With CultureX's Listenings.ai and Track.social, brands can manage competitor tracking, brand monitoring, and comment analysis in one place. The data keeps updating in the background, so teams can use it while planning campaigns rather than waiting for the wrap report.


Ready to run all 15 use cases from one platform without switching tools? Start your free trial on CultureX.

FAQs


What is social listening?

Social listening is the practice of monitoring and analysing social media conversations, not just about a brand directly, but across competitors, category-level discussions, and audience comment sections. It goes beyond tracking mentions to include sentiment analysis, competitor content monitoring, creator partnership tracking, and emerging trend identification. The goal is turning social data into strategic inputs rather than just reporting outputs.


What is the difference between social listening and social media monitoring?

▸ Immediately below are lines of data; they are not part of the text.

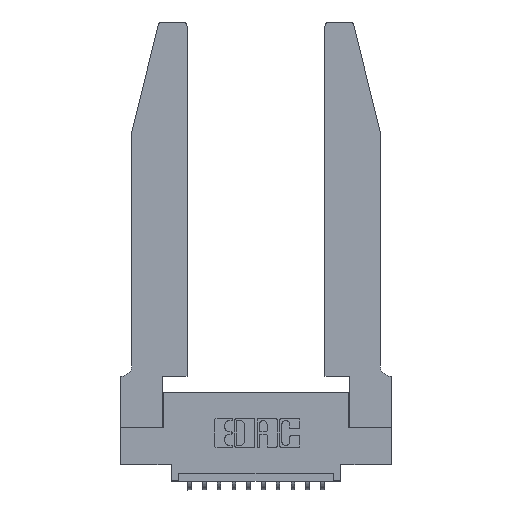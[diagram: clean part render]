
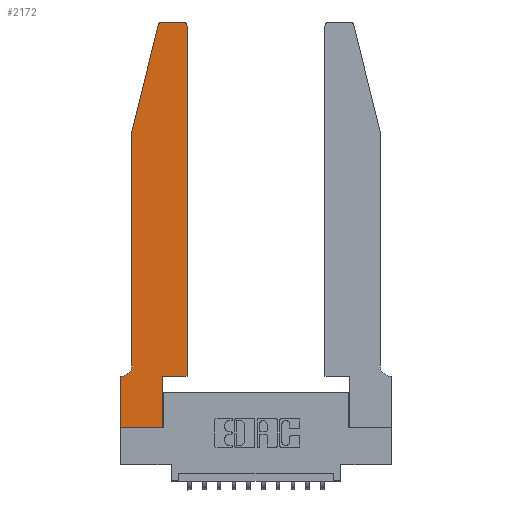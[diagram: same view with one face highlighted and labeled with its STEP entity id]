
A CAD part, top view. The second image highlights one B-rep face of the part: STEP entity #2172.
In plain terms, the highlighted planar face has unit normal (0, 0, 1).
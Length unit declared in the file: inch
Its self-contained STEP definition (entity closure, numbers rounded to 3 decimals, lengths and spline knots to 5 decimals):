
#486 = CARTESIAN_POINT ( 'NONE',  ( 0., 0.35, 0.37 ) ) ;
#1201 = VECTOR ( 'NONE', #15940, 39.37008 ) ;
#1264 = VECTOR ( 'NONE', #5861, 39.37008 ) ;
#1493 = DIRECTION ( 'NONE',  ( 0., 1., 0. ) ) ;
#1709 = CARTESIAN_POINT ( 'NONE',  ( 0.0055, 0.35, 0.37 ) ) ;
#1740 = CARTESIAN_POINT ( 'NONE',  ( 0.284, 2.72, 0.37 ) ) ;
#1893 = AXIS2_PLACEMENT_3D ( 'NONE', #13015, #16800, #8963 ) ;
#2013 = ORIENTED_EDGE ( 'NONE', *, *, #15486, .T. ) ;
#2172 = ADVANCED_FACE ( 'NONE', ( #11635 ), #5097, .T. ) ;
#2385 = DIRECTION ( 'NONE',  ( 0., -1., 0. ) ) ;
#2391 = AXIS2_PLACEMENT_3D ( 'NONE', #1740, #5547, #13177 ) ;
#2501 = CIRCLE ( 'NONE', #1893, 0.07 ) ;
#2675 = DIRECTION ( 'NONE',  ( 0., 0., 1. ) ) ;
#2733 = AXIS2_PLACEMENT_3D ( 'NONE', #3692, #16632, #16692 ) ;
#2972 = CARTESIAN_POINT ( 'NONE',  ( 0.4205, 2.75, 0.37 ) ) ;
#2979 = EDGE_CURVE ( 'NONE', #11945, #10904, #5077, .T. ) ;
#3292 = LINE ( 'NONE', #4569, #11643 ) ;
#3653 = CARTESIAN_POINT ( 'NONE',  ( 0.2605, 2.75, 0.37 ) ) ;
#3692 = CARTESIAN_POINT ( 'NONE',  ( 0., 0.35, 0.37 ) ) ;
#3731 = EDGE_CURVE ( 'NONE', #12176, #14604, #7333, .T. ) ;
#3758 = AXIS2_PLACEMENT_3D ( 'NONE', #13098, #2675, #13271 ) ;
#3825 = CARTESIAN_POINT ( 'NONE',  ( 0.0755, 0.42, 0.37 ) ) ;
#4049 = CARTESIAN_POINT ( 'NONE',  ( 0.0755, 2., 0.37 ) ) ;
#4053 = ORIENTED_EDGE ( 'NONE', *, *, #13083, .T. ) ;
#4256 = VERTEX_POINT ( 'NONE', #11895 ) ;
#4372 = CARTESIAN_POINT ( 'NONE',  ( 0.0755, 2., 0.37 ) ) ;
#4501 = EDGE_CURVE ( 'NONE', #12953, #13135, #12984, .T. ) ;
#4569 = CARTESIAN_POINT ( 'NONE',  ( 0.2865, 0.35, 0.37 ) ) ;
#4685 = EDGE_CURVE ( 'NONE', #13527, #4256, #5643, .T. ) ;
#5044 = DIRECTION ( 'NONE',  ( 1., 0., 0. ) ) ;
#5077 = LINE ( 'NONE', #11710, #16676 ) ;
#5097 = PLANE ( 'NONE',  #2733 ) ;
#5547 = DIRECTION ( 'NONE',  ( 0., 0., 1. ) ) ;
#5571 = ORIENTED_EDGE ( 'NONE', *, *, #9324, .T. ) ;
#5643 = LINE ( 'NONE', #3653, #10334 ) ;
#5649 = VECTOR ( 'NONE', #8445, 39.37008 ) ;
#5861 = DIRECTION ( 'NONE',  ( 1., 0., 0. ) ) ;
#6710 = ORIENTED_EDGE ( 'NONE', *, *, #16524, .T. ) ;
#7221 = EDGE_CURVE ( 'NONE', #16740, #12176, #9650, .T. ) ;
#7333 = LINE ( 'NONE', #16109, #14843 ) ;
#7394 = CARTESIAN_POINT ( 'NONE',  ( 0.2865, 0., 0.37 ) ) ;
#7426 = ORIENTED_EDGE ( 'NONE', *, *, #4685, .T. ) ;
#7449 = CARTESIAN_POINT ( 'NONE',  ( 0.4505, 2.72, 0.37 ) ) ;
#8006 = CARTESIAN_POINT ( 'NONE',  ( 0.25487, 2.72718, 0.37 ) ) ;
#8157 = LINE ( 'NONE', #8477, #1264 ) ;
#8212 = CARTESIAN_POINT ( 'NONE',  ( 0.4505, 0.35, 0.37 ) ) ;
#8445 = DIRECTION ( 'NONE',  ( -0.239, -0.971, 0. ) ) ;
#8477 = CARTESIAN_POINT ( 'NONE',  ( 0., 0., 0.37 ) ) ;
#8653 = DIRECTION ( 'NONE',  ( 0., 1., 0. ) ) ;
#8803 = DIRECTION ( 'NONE',  ( -1., 0., 0. ) ) ;
#8963 = DIRECTION ( 'NONE',  ( -1., 0., 0. ) ) ;
#9067 = CARTESIAN_POINT ( 'NONE',  ( 0., 0., 0.37 ) ) ;
#9098 = LINE ( 'NONE', #4372, #5649 ) ;
#9324 = EDGE_CURVE ( 'NONE', #16393, #16740, #3292, .T. ) ;
#9339 = EDGE_CURVE ( 'NONE', #14805, #16393, #8157, .T. ) ;
#9650 = LINE ( 'NONE', #14258, #14356 ) ;
#10016 = ORIENTED_EDGE ( 'NONE', *, *, #3731, .T. ) ;
#10145 = CIRCLE ( 'NONE', #2391, 0.03 ) ;
#10249 = ORIENTED_EDGE ( 'NONE', *, *, #7221, .T. ) ;
#10334 = VECTOR ( 'NONE', #8803, 39.37008 ) ;
#10375 = EDGE_LOOP ( 'NONE', ( #7426, #10938, #11312, #12574, #6710, #10814, #4053, #16295, #5571, #10249, #10016, #2013 ) ) ;
#10814 = ORIENTED_EDGE ( 'NONE', *, *, #2979, .T. ) ;
#10904 = VERTEX_POINT ( 'NONE', #486 ) ;
#10938 = ORIENTED_EDGE ( 'NONE', *, *, #12167, .T. ) ;
#11142 = LINE ( 'NONE', #16654, #14007 ) ;
#11312 = ORIENTED_EDGE ( 'NONE', *, *, #11452, .T. ) ;
#11452 = EDGE_CURVE ( 'NONE', #14287, #12953, #9098, .T. ) ;
#11635 = FACE_OUTER_BOUND ( 'NONE', #10375, .T. ) ;
#11643 = VECTOR ( 'NONE', #8653, 39.37008 ) ;
#11710 = CARTESIAN_POINT ( 'NONE',  ( 0.0755, 0.35, 0.37 ) ) ;
#11895 = CARTESIAN_POINT ( 'NONE',  ( 0.284, 2.75, 0.37 ) ) ;
#11945 = VERTEX_POINT ( 'NONE', #1709 ) ;
#12167 = EDGE_CURVE ( 'NONE', #4256, #14287, #10145, .T. ) ;
#12176 = VERTEX_POINT ( 'NONE', #8212 ) ;
#12507 = CIRCLE ( 'NONE', #3758, 0.03 ) ;
#12574 = ORIENTED_EDGE ( 'NONE', *, *, #4501, .T. ) ;
#12953 = VERTEX_POINT ( 'NONE', #4049 ) ;
#12984 = LINE ( 'NONE', #16104, #1201 ) ;
#13015 = CARTESIAN_POINT ( 'NONE',  ( 0.0055, 0.42, 0.37 ) ) ;
#13083 = EDGE_CURVE ( 'NONE', #10904, #14805, #11142, .T. ) ;
#13098 = CARTESIAN_POINT ( 'NONE',  ( 0.4205, 2.72, 0.37 ) ) ;
#13135 = VERTEX_POINT ( 'NONE', #3825 ) ;
#13177 = DIRECTION ( 'NONE',  ( 1., 0., 0. ) ) ;
#13271 = DIRECTION ( 'NONE',  ( 1., 0., 0. ) ) ;
#13527 = VERTEX_POINT ( 'NONE', #2972 ) ;
#13593 = CARTESIAN_POINT ( 'NONE',  ( 0.2865, 0.35, 0.37 ) ) ;
#14007 = VECTOR ( 'NONE', #2385, 39.37008 ) ;
#14258 = CARTESIAN_POINT ( 'NONE',  ( 0.4505, 0.35, 0.37 ) ) ;
#14287 = VERTEX_POINT ( 'NONE', #8006 ) ;
#14356 = VECTOR ( 'NONE', #5044, 39.37008 ) ;
#14604 = VERTEX_POINT ( 'NONE', #7449 ) ;
#14805 = VERTEX_POINT ( 'NONE', #9067 ) ;
#14843 = VECTOR ( 'NONE', #1493, 39.37008 ) ;
#15486 = EDGE_CURVE ( 'NONE', #14604, #13527, #12507, .T. ) ;
#15940 = DIRECTION ( 'NONE',  ( 0., -1., 0. ) ) ;
#16053 = DIRECTION ( 'NONE',  ( -1., 0., 0. ) ) ;
#16104 = CARTESIAN_POINT ( 'NONE',  ( 0.0755, 2., 0.37 ) ) ;
#16109 = CARTESIAN_POINT ( 'NONE',  ( 0.4505, 0.35, 0.37 ) ) ;
#16295 = ORIENTED_EDGE ( 'NONE', *, *, #9339, .T. ) ;
#16393 = VERTEX_POINT ( 'NONE', #7394 ) ;
#16524 = EDGE_CURVE ( 'NONE', #13135, #11945, #2501, .T. ) ;
#16632 = DIRECTION ( 'NONE',  ( 0., 0., 1. ) ) ;
#16654 = CARTESIAN_POINT ( 'NONE',  ( 0., 0., 0.37 ) ) ;
#16676 = VECTOR ( 'NONE', #16053, 39.37008 ) ;
#16692 = DIRECTION ( 'NONE',  ( 1., 0., 0. ) ) ;
#16740 = VERTEX_POINT ( 'NONE', #13593 ) ;
#16800 = DIRECTION ( 'NONE',  ( 0., 0., -1. ) ) ;
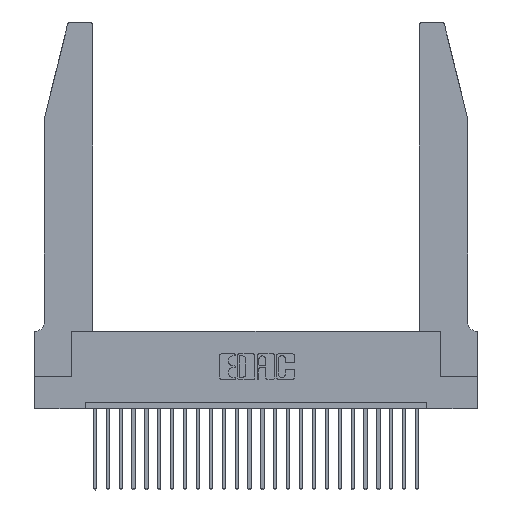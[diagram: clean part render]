
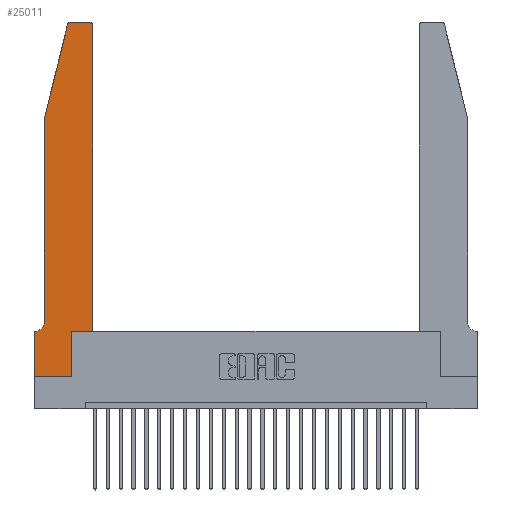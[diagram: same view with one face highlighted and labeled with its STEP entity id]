
A CAD part, top view. The second image highlights one B-rep face of the part: STEP entity #25011.
In plain terms, the highlighted planar face has unit normal (0, 0, 1).
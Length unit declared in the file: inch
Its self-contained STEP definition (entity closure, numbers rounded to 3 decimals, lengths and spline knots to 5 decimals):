
#34 = VERTEX_POINT ( 'NONE', #7694 ) ;
#213 = ORIENTED_EDGE ( 'NONE', *, *, #19313, .T. ) ;
#460 = VECTOR ( 'NONE', #1690, 39.37008 ) ;
#1128 = DIRECTION ( 'NONE',  ( 1., 0., 0. ) ) ;
#1134 = VERTEX_POINT ( 'NONE', #18221 ) ;
#1183 = DIRECTION ( 'NONE',  ( 0., 0., 1. ) ) ;
#1286 = VERTEX_POINT ( 'NONE', #2868 ) ;
#1394 = ORIENTED_EDGE ( 'NONE', *, *, #19591, .T. ) ;
#1690 = DIRECTION ( 'NONE',  ( -1., 0., 0. ) ) ;
#1693 = LINE ( 'NONE', #7208, #4568 ) ;
#1806 = CARTESIAN_POINT ( 'NONE',  ( 0.284, 2.75, 0.37 ) ) ;
#2868 = CARTESIAN_POINT ( 'NONE',  ( 0., 0., 0.37 ) ) ;
#2941 = CARTESIAN_POINT ( 'NONE',  ( 0.2865, 0., 0.37 ) ) ;
#3131 = DIRECTION ( 'NONE',  ( 0., -1., 0. ) ) ;
#3205 = CIRCLE ( 'NONE', #21497, 0.03 ) ;
#3233 = DIRECTION ( 'NONE',  ( 0., 0., 1. ) ) ;
#3272 = ORIENTED_EDGE ( 'NONE', *, *, #17169, .T. ) ;
#3479 = DIRECTION ( 'NONE',  ( 0., 1., 0. ) ) ;
#3783 = VERTEX_POINT ( 'NONE', #10227 ) ;
#3785 = CARTESIAN_POINT ( 'NONE',  ( 0., 0.35, 0.37 ) ) ;
#4109 = ORIENTED_EDGE ( 'NONE', *, *, #21237, .T. ) ;
#4402 = LINE ( 'NONE', #9323, #10504 ) ;
#4568 = VECTOR ( 'NONE', #1128, 39.37008 ) ;
#4624 = DIRECTION ( 'NONE',  ( 1., 0., 0. ) ) ;
#5061 = CARTESIAN_POINT ( 'NONE',  ( 0.4505, 0.35, 0.37 ) ) ;
#5297 = AXIS2_PLACEMENT_3D ( 'NONE', #11762, #3233, #11494 ) ;
#5517 = VECTOR ( 'NONE', #15108, 39.37008 ) ;
#5594 = LINE ( 'NONE', #10158, #14579 ) ;
#5872 = VERTEX_POINT ( 'NONE', #23113 ) ;
#6071 = DIRECTION ( 'NONE',  ( 0., 0., 1. ) ) ;
#6335 = LINE ( 'NONE', #25832, #12424 ) ;
#6627 = ORIENTED_EDGE ( 'NONE', *, *, #24446, .T. ) ;
#6676 = ORIENTED_EDGE ( 'NONE', *, *, #22275, .T. ) ;
#6864 = CARTESIAN_POINT ( 'NONE',  ( 0.0755, 2., 0.37 ) ) ;
#6885 = EDGE_CURVE ( 'NONE', #17871, #23748, #20263, .T. ) ;
#6932 = CARTESIAN_POINT ( 'NONE',  ( 0.4505, 2.72, 0.37 ) ) ;
#7208 = CARTESIAN_POINT ( 'NONE',  ( 0., 0., 0.37 ) ) ;
#7281 = CIRCLE ( 'NONE', #16060, 0.03 ) ;
#7399 = VECTOR ( 'NONE', #20912, 39.37008 ) ;
#7694 = CARTESIAN_POINT ( 'NONE',  ( 0.25487, 2.72718, 0.37 ) ) ;
#8902 = AXIS2_PLACEMENT_3D ( 'NONE', #22688, #12683, #20733 ) ;
#9323 = CARTESIAN_POINT ( 'NONE',  ( 0.0755, 2., 0.37 ) ) ;
#9535 = EDGE_CURVE ( 'NONE', #15329, #3783, #4402, .T. ) ;
#9863 = ORIENTED_EDGE ( 'NONE', *, *, #22858, .T. ) ;
#10158 = CARTESIAN_POINT ( 'NONE',  ( 0.4505, 0.35, 0.37 ) ) ;
#10188 = VERTEX_POINT ( 'NONE', #17294 ) ;
#10227 = CARTESIAN_POINT ( 'NONE',  ( 0.0755, 0.42, 0.37 ) ) ;
#10366 = VERTEX_POINT ( 'NONE', #3785 ) ;
#10504 = VECTOR ( 'NONE', #21733, 39.37008 ) ;
#10607 = CARTESIAN_POINT ( 'NONE',  ( 0.284, 2.72, 0.37 ) ) ;
#11162 = FACE_OUTER_BOUND ( 'NONE', #13343, .T. ) ;
#11494 = DIRECTION ( 'NONE',  ( 1., 0., 0. ) ) ;
#11762 = CARTESIAN_POINT ( 'NONE',  ( 0., 0.35, 0.37 ) ) ;
#11854 = CIRCLE ( 'NONE', #8902, 0.07 ) ;
#12170 = VECTOR ( 'NONE', #3131, 39.37008 ) ;
#12424 = VECTOR ( 'NONE', #3479, 39.37008 ) ;
#12683 = DIRECTION ( 'NONE',  ( 0., 0., -1. ) ) ;
#13343 = EDGE_LOOP ( 'NONE', ( #6676, #213, #1394, #18605, #26441, #9863, #6627, #3272, #18379, #24409, #16131, #4109 ) ) ;
#13414 = VERTEX_POINT ( 'NONE', #1806 ) ;
#13636 = PLANE ( 'NONE',  #5297 ) ;
#14235 = CARTESIAN_POINT ( 'NONE',  ( 0.0755, 0.35, 0.37 ) ) ;
#14269 = DIRECTION ( 'NONE',  ( 1., 0., 0. ) ) ;
#14579 = VECTOR ( 'NONE', #14269, 39.37008 ) ;
#15061 = LINE ( 'NONE', #20826, #7399 ) ;
#15108 = DIRECTION ( 'NONE',  ( 0., 1., 0. ) ) ;
#15329 = VERTEX_POINT ( 'NONE', #6864 ) ;
#15873 = CARTESIAN_POINT ( 'NONE',  ( 0.2605, 2.75, 0.37 ) ) ;
#15883 = VECTOR ( 'NONE', #22138, 39.37008 ) ;
#15919 = CARTESIAN_POINT ( 'NONE',  ( 0.4205, 2.72, 0.37 ) ) ;
#16060 = AXIS2_PLACEMENT_3D ( 'NONE', #15919, #6071, #20238 ) ;
#16131 = ORIENTED_EDGE ( 'NONE', *, *, #6885, .T. ) ;
#17169 = EDGE_CURVE ( 'NONE', #1286, #17716, #1693, .T. ) ;
#17294 = CARTESIAN_POINT ( 'NONE',  ( 0.4205, 2.75, 0.37 ) ) ;
#17617 = LINE ( 'NONE', #21842, #12170 ) ;
#17653 = CARTESIAN_POINT ( 'NONE',  ( 0.4505, 0.35, 0.37 ) ) ;
#17716 = VERTEX_POINT ( 'NONE', #2941 ) ;
#17871 = VERTEX_POINT ( 'NONE', #17653 ) ;
#18221 = CARTESIAN_POINT ( 'NONE',  ( 0.2865, 0.35, 0.37 ) ) ;
#18379 = ORIENTED_EDGE ( 'NONE', *, *, #21108, .T. ) ;
#18605 = ORIENTED_EDGE ( 'NONE', *, *, #9535, .T. ) ;
#19313 = EDGE_CURVE ( 'NONE', #13414, #34, #3205, .T. ) ;
#19591 = EDGE_CURVE ( 'NONE', #34, #15329, #15061, .T. ) ;
#20238 = DIRECTION ( 'NONE',  ( 1., 0., 0. ) ) ;
#20263 = LINE ( 'NONE', #5061, #5517 ) ;
#20733 = DIRECTION ( 'NONE',  ( -1., 0., 0. ) ) ;
#20826 = CARTESIAN_POINT ( 'NONE',  ( 0.0755, 2., 0.37 ) ) ;
#20912 = DIRECTION ( 'NONE',  ( -0.239, -0.971, 0. ) ) ;
#21108 = EDGE_CURVE ( 'NONE', #17716, #1134, #6335, .T. ) ;
#21237 = EDGE_CURVE ( 'NONE', #23748, #10188, #7281, .T. ) ;
#21497 = AXIS2_PLACEMENT_3D ( 'NONE', #10607, #1183, #4624 ) ;
#21733 = DIRECTION ( 'NONE',  ( 0., -1., 0. ) ) ;
#21842 = CARTESIAN_POINT ( 'NONE',  ( 0., 0., 0.37 ) ) ;
#22138 = DIRECTION ( 'NONE',  ( -1., 0., 0. ) ) ;
#22275 = EDGE_CURVE ( 'NONE', #10188, #13414, #22607, .T. ) ;
#22411 = EDGE_CURVE ( 'NONE', #1134, #17871, #5594, .T. ) ;
#22607 = LINE ( 'NONE', #15873, #15883 ) ;
#22688 = CARTESIAN_POINT ( 'NONE',  ( 0.0055, 0.42, 0.37 ) ) ;
#22858 = EDGE_CURVE ( 'NONE', #5872, #10366, #22865, .T. ) ;
#22865 = LINE ( 'NONE', #14235, #460 ) ;
#23113 = CARTESIAN_POINT ( 'NONE',  ( 0.0055, 0.35, 0.37 ) ) ;
#23548 = EDGE_CURVE ( 'NONE', #3783, #5872, #11854, .T. ) ;
#23748 = VERTEX_POINT ( 'NONE', #6932 ) ;
#24409 = ORIENTED_EDGE ( 'NONE', *, *, #22411, .T. ) ;
#24446 = EDGE_CURVE ( 'NONE', #10366, #1286, #17617, .T. ) ;
#25011 = ADVANCED_FACE ( 'NONE', ( #11162 ), #13636, .T. ) ;
#25832 = CARTESIAN_POINT ( 'NONE',  ( 0.2865, 0.35, 0.37 ) ) ;
#26441 = ORIENTED_EDGE ( 'NONE', *, *, #23548, .T. ) ;

Social media monitoring is about tracking direct brand mentions, tags, and comments. Social listening looks at the bigger picture, such as what people in the category are talking about, how competitors are showing up, and the sentiment building around a topic.


What can you track with social listening tools?

Competitor influencer partnerships, share of voice against multiple competitors, category sentiment trends, purchase intent signals in comment sections, campaign hashtag performance across platforms, content format engagement breakdowns, emerging category trends, brand perception trends over 90-day windows, and creator attribution for campaign conversations, among others. CultureX's Listenings.ai and Track.social together cover all of these from one platform.


How do brands use social listening for competitor analysis?

By tracking which content formats competitors are accelerating, which creators they are working with, how their audiences are responding, and how their Social Score and engagement rate compare to the brand's own over a six-month window. CultureX's Listenings.ai Market Benchmark and Competitive Watch handle multi-competitor and 1-vs-1 comparisons respectively.


How does social listening help with influencer marketing?

Social listening helps brands understand which creators are already active in their category. It can show which influencers competitors are working with, highlight creators who are already connecting with the right audience, and flag possible issues before outreach even begins. That makes creator discovery and shortlisting much more informed. CultureX's Listenings.ai tools, including Influencer Map and Competitive Watch, support this process by feeding those insights directly into planning.


Can social listening identify purchase intent?

Yes. The real value comes from understanding what people are actually saying in comments, not just whether the sentiment is positive or negative. A comment asking where to buy the product or how soon it will be back in stock is a much stronger buying signal than a simple emoji. CultureX's Track.social automatically sorts comments into groups like purchase intent, product feedback, service issues, and general engagement, making the response much easier to read.


How often should a brand review social listening data?

The review frequency depends on the use case. Share of voice and competitor tracking can usually be reviewed monthly. Active campaign sentiment and comment classification should be checked daily while the campaign is live. Category trend monitoring doesn't need to be as frequent, so a weekly review is usually enough. The more useful setup is one where monitoring runs in the background all the time, instead of teams pulling reports manually whenever they need an update.


How does CultureX support social listening for brands?

Listenings.ai covers the competitive intelligence layer: Market Benchmark, Competitive Watch, Influencer Map, Comments Radar, Content Radar, and Brand Insights. Track.social covers the brand monitoring layer: Hashtag Analyzer, AI comment classification, NLP sentiment engine, Performance Heatmap, AI Smart Labels, and Link Tracker. Together, they cover all 15 use cases above without switching between tools or manually compiling data.